On Wed, 3 Mar 2021, odrzen wrote:

Yes you understand my problem.
And I understand that in the end, the problem is mainly in the central machine 
where it receives all these messages.

From the remote machines, I have (probably) correctly defined the way they send 
their logs to the central machine. Now this part is very easy and cool. Indeed, 
all the messages come to the main/central machine very nicely and in real time.
But the messages are really too many per second. At the moment I don't seem to 
have a problem, but in the future I may have  bottleneck problems  or something 
else..

what is 'too many per second', I've gone to several hundred thousand per second in production settings, and others have tested (with simple configs) over a million messages per second in tests/

How can I make this more efficient so that I don't have problems in the future ?

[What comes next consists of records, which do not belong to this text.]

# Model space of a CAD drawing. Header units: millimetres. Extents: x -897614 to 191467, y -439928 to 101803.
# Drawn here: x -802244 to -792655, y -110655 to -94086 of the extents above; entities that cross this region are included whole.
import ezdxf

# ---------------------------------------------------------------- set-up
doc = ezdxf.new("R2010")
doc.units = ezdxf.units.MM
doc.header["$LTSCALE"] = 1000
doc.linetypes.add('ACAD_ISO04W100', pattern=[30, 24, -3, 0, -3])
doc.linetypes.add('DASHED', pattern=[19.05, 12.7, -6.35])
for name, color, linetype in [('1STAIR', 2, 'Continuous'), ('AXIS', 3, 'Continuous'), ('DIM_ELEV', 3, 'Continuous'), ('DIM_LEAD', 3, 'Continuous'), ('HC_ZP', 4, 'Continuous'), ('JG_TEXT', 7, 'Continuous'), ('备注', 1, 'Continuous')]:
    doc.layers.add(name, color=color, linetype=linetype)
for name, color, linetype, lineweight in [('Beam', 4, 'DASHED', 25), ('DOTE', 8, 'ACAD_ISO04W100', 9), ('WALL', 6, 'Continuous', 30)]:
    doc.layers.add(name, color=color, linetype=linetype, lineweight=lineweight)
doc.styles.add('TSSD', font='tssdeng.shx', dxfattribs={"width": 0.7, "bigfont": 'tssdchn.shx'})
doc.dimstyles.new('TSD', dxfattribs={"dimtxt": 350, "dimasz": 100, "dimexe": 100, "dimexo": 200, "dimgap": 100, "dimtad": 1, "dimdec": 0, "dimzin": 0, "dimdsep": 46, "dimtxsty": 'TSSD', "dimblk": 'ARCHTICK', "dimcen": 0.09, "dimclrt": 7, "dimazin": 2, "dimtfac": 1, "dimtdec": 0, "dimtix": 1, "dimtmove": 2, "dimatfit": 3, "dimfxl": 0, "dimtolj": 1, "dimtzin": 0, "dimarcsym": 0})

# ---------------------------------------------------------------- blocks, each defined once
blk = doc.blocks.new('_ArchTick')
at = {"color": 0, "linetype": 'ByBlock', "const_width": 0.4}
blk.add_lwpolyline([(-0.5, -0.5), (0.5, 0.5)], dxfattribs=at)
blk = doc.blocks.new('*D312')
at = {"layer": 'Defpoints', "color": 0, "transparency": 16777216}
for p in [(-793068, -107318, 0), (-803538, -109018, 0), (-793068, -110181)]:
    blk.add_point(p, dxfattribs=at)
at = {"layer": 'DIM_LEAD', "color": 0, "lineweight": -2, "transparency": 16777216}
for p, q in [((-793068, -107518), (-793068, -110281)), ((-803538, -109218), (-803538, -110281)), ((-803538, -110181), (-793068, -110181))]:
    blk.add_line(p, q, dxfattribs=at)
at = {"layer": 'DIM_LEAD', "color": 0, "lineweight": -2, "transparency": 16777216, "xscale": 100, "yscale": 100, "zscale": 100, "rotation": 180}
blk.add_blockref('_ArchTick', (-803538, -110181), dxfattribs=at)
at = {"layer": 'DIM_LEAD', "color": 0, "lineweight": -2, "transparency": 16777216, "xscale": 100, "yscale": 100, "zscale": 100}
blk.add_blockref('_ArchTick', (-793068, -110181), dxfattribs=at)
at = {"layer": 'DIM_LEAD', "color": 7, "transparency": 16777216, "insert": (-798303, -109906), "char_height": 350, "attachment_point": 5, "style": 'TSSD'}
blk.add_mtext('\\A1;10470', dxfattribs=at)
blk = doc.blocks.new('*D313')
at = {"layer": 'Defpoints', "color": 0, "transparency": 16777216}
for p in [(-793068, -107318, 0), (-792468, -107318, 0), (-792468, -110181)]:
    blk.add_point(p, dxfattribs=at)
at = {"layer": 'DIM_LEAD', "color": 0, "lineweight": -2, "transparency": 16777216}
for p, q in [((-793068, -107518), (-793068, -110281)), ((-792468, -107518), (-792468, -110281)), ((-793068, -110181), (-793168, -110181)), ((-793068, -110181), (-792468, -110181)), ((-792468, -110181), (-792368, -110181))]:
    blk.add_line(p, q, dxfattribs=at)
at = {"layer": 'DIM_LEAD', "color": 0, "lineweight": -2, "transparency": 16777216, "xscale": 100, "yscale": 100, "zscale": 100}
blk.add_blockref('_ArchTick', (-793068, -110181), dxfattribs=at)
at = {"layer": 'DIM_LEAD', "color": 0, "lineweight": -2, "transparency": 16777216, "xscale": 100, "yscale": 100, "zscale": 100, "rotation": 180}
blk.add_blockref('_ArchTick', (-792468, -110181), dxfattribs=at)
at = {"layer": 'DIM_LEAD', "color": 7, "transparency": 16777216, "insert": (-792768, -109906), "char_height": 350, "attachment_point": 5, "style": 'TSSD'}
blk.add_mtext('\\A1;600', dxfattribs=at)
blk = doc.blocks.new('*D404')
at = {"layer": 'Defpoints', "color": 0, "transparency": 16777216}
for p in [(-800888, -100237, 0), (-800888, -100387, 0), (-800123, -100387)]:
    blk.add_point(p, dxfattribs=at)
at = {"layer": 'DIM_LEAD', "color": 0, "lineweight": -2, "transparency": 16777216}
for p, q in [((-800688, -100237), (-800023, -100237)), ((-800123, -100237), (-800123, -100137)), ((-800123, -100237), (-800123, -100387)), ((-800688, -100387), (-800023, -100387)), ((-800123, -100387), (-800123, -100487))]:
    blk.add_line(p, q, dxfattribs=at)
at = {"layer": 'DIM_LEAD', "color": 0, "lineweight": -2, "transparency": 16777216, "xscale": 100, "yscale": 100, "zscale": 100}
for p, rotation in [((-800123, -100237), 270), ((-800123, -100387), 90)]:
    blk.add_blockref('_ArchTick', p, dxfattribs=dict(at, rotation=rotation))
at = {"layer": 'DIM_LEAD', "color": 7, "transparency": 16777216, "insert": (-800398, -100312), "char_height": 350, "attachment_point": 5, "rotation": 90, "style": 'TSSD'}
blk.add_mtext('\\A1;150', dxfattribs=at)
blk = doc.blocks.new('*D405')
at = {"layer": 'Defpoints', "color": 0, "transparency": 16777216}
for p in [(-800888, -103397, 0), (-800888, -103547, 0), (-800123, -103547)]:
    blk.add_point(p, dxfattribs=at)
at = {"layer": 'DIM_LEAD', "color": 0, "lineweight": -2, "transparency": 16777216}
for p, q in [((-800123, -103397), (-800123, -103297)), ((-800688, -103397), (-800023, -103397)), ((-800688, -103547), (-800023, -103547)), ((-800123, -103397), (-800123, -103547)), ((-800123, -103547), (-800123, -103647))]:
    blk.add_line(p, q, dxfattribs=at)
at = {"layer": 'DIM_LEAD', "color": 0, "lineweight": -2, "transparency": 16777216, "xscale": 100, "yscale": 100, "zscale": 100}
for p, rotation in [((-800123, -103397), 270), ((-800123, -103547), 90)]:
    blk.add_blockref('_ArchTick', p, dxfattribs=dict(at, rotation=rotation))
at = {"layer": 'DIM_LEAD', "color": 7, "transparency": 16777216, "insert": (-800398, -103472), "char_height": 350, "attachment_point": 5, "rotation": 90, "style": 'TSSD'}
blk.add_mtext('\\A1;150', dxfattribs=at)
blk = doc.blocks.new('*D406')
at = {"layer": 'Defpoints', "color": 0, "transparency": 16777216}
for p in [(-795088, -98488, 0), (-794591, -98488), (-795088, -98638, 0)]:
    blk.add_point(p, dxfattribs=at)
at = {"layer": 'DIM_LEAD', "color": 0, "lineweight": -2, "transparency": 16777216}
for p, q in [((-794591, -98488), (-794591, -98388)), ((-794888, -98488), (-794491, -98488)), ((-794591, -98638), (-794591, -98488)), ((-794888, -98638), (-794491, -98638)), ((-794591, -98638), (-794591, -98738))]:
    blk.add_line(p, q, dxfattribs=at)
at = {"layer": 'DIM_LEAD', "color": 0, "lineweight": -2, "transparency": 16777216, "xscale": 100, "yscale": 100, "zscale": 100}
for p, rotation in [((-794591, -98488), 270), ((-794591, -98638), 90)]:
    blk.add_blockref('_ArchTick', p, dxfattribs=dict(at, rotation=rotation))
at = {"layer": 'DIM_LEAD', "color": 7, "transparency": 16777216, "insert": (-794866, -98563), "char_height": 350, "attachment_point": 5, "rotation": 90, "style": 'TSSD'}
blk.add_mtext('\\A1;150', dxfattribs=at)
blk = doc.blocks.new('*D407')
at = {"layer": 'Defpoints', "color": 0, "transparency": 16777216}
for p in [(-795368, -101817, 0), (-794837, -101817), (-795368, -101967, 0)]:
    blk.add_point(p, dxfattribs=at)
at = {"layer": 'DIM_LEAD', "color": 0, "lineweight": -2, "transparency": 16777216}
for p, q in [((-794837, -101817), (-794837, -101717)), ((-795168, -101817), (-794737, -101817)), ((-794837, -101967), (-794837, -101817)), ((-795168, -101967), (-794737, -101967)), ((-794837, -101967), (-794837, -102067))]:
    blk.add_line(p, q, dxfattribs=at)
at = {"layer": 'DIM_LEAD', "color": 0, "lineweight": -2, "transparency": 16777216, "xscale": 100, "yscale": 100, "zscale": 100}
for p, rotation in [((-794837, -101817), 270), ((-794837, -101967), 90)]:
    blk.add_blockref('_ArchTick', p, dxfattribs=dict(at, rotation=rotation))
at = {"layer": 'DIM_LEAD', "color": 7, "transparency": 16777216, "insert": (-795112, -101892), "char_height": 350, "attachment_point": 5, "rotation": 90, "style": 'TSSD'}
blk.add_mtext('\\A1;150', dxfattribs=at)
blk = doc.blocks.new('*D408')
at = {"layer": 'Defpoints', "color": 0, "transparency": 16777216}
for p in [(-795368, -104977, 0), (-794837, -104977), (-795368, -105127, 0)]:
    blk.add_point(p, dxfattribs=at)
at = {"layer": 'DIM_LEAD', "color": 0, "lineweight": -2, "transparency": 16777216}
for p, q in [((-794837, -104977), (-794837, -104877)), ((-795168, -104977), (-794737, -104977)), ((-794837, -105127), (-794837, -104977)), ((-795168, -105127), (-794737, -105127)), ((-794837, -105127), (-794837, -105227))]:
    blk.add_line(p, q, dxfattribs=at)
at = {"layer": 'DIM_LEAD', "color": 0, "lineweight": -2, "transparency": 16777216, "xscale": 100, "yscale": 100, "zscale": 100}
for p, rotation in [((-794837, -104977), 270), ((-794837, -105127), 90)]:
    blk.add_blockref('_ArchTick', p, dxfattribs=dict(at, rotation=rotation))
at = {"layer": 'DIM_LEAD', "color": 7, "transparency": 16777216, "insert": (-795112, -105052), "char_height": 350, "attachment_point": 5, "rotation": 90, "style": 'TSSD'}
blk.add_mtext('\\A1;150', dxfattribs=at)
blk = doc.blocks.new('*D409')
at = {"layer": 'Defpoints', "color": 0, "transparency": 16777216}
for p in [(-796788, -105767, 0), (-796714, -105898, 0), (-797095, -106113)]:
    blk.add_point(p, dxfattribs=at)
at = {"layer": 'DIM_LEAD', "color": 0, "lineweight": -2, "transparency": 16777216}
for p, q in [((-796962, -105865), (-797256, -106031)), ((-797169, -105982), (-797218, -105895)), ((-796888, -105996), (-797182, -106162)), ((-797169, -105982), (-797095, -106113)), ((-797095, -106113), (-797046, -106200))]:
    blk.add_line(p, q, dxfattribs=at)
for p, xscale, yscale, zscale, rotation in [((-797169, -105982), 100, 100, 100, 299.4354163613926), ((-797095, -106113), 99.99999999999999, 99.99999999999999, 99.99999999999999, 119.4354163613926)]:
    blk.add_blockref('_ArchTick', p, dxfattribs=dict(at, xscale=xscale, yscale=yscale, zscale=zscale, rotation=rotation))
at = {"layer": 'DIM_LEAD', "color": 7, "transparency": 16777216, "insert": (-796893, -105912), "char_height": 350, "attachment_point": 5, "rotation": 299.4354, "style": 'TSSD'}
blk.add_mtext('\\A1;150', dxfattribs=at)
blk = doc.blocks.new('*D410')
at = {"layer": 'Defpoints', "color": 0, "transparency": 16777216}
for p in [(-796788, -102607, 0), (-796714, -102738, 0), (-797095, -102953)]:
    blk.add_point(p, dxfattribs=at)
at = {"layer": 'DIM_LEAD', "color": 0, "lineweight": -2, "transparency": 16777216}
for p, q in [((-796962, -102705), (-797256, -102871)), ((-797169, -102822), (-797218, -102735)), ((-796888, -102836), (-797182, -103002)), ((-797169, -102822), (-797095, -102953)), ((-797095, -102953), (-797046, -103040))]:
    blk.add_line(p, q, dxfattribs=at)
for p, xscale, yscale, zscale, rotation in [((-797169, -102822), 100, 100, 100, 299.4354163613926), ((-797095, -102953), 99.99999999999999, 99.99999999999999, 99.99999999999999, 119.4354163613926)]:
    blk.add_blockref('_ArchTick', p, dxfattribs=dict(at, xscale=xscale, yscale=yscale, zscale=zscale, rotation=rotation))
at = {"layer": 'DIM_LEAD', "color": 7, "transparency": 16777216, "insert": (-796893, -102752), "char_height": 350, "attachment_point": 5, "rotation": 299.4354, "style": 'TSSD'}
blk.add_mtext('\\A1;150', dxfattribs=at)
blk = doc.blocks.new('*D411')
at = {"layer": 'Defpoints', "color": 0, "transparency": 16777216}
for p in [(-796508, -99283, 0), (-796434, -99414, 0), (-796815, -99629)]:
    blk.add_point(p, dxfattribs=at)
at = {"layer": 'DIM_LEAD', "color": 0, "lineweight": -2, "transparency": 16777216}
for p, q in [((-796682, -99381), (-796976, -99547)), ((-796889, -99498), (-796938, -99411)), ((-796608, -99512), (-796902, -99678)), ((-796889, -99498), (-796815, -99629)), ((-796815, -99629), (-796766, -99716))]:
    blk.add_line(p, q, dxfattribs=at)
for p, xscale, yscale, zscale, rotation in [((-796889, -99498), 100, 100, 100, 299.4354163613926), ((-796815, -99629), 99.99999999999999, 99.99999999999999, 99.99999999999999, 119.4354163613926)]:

I'd have to see the full config to begin to guess where your bottlenecks are.


Υour idea about "facility" and "severity" is good, but I also realize that it 
is not the best and most effective.

About  syslogtag  seems to me a very interesting idea, as well as the way you described 
with the "json" messages. But first, I want to ask for something.
Now after the settings I did thanks to your help, I receive the messages as 
follows :

```
2021-03-04T00:13:14+02:00 example.com  apache: 192.168.1.1 - - [04/Mar/2021:00:13:14 +0200] "GET / 
HTTP/1.1" 301 237 "-" "Mozilla/5.0 (Windows NT 6.1; WOW64
2021-03-04T00:14:20+02:00 example.com  apache: 192.168.1.2 - - [04/Mar/2021:00:14:20 +0200] "GET / 
HTTP/1.1" 302 - "-" "Mozilla/5.0 (X11; Linux x86_64; rv:78.
2021-03-04T00:14:20+02:00 example.com  apache: 192.168.1.3 - - [04/Mar/2021:00:14:20 +0200] "GET 
/post/ HTTP/1.1" 200 3877 "-" "Mozilla/5.0 (X11; Linux x86_64;
```

Is not safe to try to push all messages containing the word "apache" into a separate 
"rullset" ?
Although I guess this word may exist randomly in a completely irrelevant 
message... so then there will be a problem.. right?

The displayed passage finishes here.